** ACTION ITEM **
Records follow. Select each line holding "Mode".

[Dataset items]
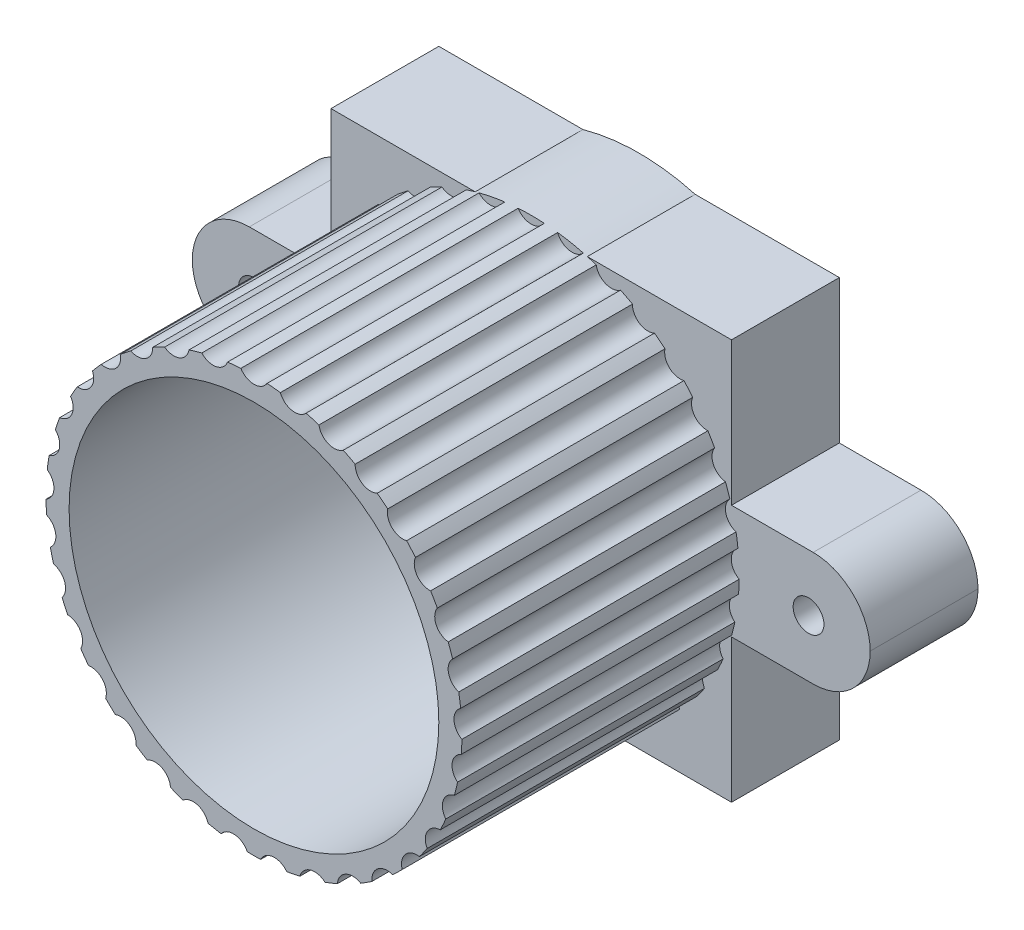
from build123d import *

# Parameters (mm, degrees)
SKETCH1_W                = 13
SKETCH1_H                = 13
BOSS_EXTRUDE1_DEPTH      = 3.5
SKETCH2_W                = 22
SKETCH2_H                = 3.7
BOSS_EXTRUDE2_DEPTH      = 3.5
FILLET1_R                = 1.85
SKETCH3_R                = 0.5
CUT_EXTRUDE1_DEPTH       = 3.5
BOSS_EXTRUDE3_DEPTH      = 9
BOSS_EXTRUDE3_DEPTH_BACK = 3.5
SKETCH4_R                = 6.75
SKETCH5_R                = 0.5
CUT_EXTRUDE2_DEPTH       = 9
SKETCH6_R                = 6
CUT_EXTRUDE3_DEPTH       = 9


with BuildPart() as part:
    # Sketch1 → Boss-Extrude1 (new body)
    with BuildSketch(Plane.XY):
        Rectangle(SKETCH1_W, SKETCH1_H)
    extrude(amount=BOSS_EXTRUDE1_DEPTH)

    # Sketch2 → Boss-Extrude2 (add)
    with BuildSketch(Plane.XY.offset(3.5)):
        Rectangle(SKETCH2_W, SKETCH2_H)
    extrude(amount=-BOSS_EXTRUDE2_DEPTH)

    # Fillet1
    fillet1_edges = [part.edges().sort_by_distance(p)[0] for p in [
        (11, -1.85, 1.75),
        (11, 1.85, 1.75),
        (-11, -1.85, 1.75),
        (-11, 1.85, 1.75),
    ]]
    fillet(fillet1_edges, radius=FILLET1_R - 0.0001)  # a hair under: the kernel refuses the full size

    # Sketch3 → Cut-Extrude1 (cut)
    with BuildSketch(Plane.XY.offset(3.5)):
        with Locations((-9, 0)):
            Circle(SKETCH3_R)
        with Locations((9, 0)):
            Circle(SKETCH3_R)
    extrude(amount=-CUT_EXTRUDE1_DEPTH, mode=Mode.SUBTRACT)

    # Sketch4 → Boss-Extrude3 (add, two sides: drawn at the far end of the back side and taken through both)
    with BuildSketch(Plane.XY.offset(3.5).offset(-BOSS_EXTRUDE3_DEPTH_BACK)):
        Circle(SKETCH4_R)
    extrude(amount=BOSS_EXTRUDE3_DEPTH + BOSS_EXTRUDE3_DEPTH_BACK)

    # Sketch5 → Cut-Extrude2 (cut)
    with BuildSketch(Plane.XY.offset(12.5)):
        with Locations((0, 7)):
            Circle(SKETCH5_R)
        with Locations((1.324758711, 6.873500881)):
            Circle(SKETCH5_R)
        with Locations((2.60163719, 6.498575531)):
            Circle(SKETCH5_R)
        with Locations((3.784485722, 5.88877473)):
            Circle(SKETCH5_R)
        with Locations((4.83055308, 5.066138267)):
            Circle(SKETCH5_R)
        with Locations((5.702031664, 4.060398367)):
            Circle(SKETCH5_R)
        with Locations((6.367423967, 2.907905091)):
            Circle(SKETCH5_R)
        with Locations((6.802680978, 1.650312549)):
            Circle(SKETCH5_R)
        with Locations((6.992071374, 0.333073411)):
            Circle(SKETCH5_R)
        with Locations((6.928750093, -0.996203868)):
            Circle(SKETCH5_R)
        with Locations((6.615005731, -2.289475743)):
            Circle(SKETCH5_R)
        with Locations((6.062177826, -3.5)):
            Circle(SKETCH5_R)
        with Locations((5.29024702, -4.584025138)):
            Circle(SKETCH5_R)
        with Locations((4.327112904, -5.502371663)):
            Circle(SKETCH5_R)
        with Locations((3.207585652, -6.221848141)):
            Circle(SKETCH5_R)
        with Locations((1.972127898, -6.716450815)):
            Circle(SKETCH5_R)
        with Locations((0.665392303, -6.968303458)):
            Circle(SKETCH5_R)
        with Locations((-0.665392303, -6.968303458)):
            Circle(SKETCH5_R)
        with Locations((-1.972127898, -6.716450815)):
            Circle(SKETCH5_R)
        with Locations((-3.207585652, -6.221848141)):
            Circle(SKETCH5_R)
        with Locations((-4.327112904, -5.502371663)):
            Circle(SKETCH5_R)
        with Locations((-5.29024702, -4.584025138)):
            Circle(SKETCH5_R)
        with Locations((-6.062177826, -3.5)):
            Circle(SKETCH5_R)
        with Locations((-6.615005731, -2.289475743)):
            Circle(SKETCH5_R)
        with Locations((-6.928750093, -0.996203868)):
            Circle(SKETCH5_R)
        with Locations((-6.992071374, 0.333073411)):
            Circle(SKETCH5_R)
        with Locations((-6.802680978, 1.650312549)):
            Circle(SKETCH5_R)
        with Locations((-6.367423967, 2.907905091)):
            Circle(SKETCH5_R)
        with Locations((-5.702031664, 4.060398367)):
            Circle(SKETCH5_R)
        with Locations((-4.83055308, 5.066138267)):
            Circle(SKETCH5_R)
        with Locations((-3.784485722, 5.88877473)):
            Circle(SKETCH5_R)
        with Locations((-2.60163719, 6.498575531)):
            Circle(SKETCH5_R)
        with Locations((-1.324758711, 6.873500881)):
            Circle(SKETCH5_R)
    extrude(amount=-CUT_EXTRUDE2_DEPTH, mode=Mode.SUBTRACT)

    # Sketch6 → Cut-Extrude3 (cut)
    with BuildSketch(Plane.XY.offset(12.5)):
        Circle(SKETCH6_R)
    extrude(amount=-CUT_EXTRUDE3_DEPTH, mode=Mode.SUBTRACT)


solid = part.part

** RESPONSE TO THE TASK **
    extrude(amount=-CUT_EXTRUDE1_DEPTH, mode=Mode.SUBTRACT)
    extrude(amount=-CUT_EXTRUDE2_DEPTH, mode=Mode.SUBTRACT)
    extrude(amount=-CUT_EXTRUDE3_DEPTH, mode=Mode.SUBTRACT)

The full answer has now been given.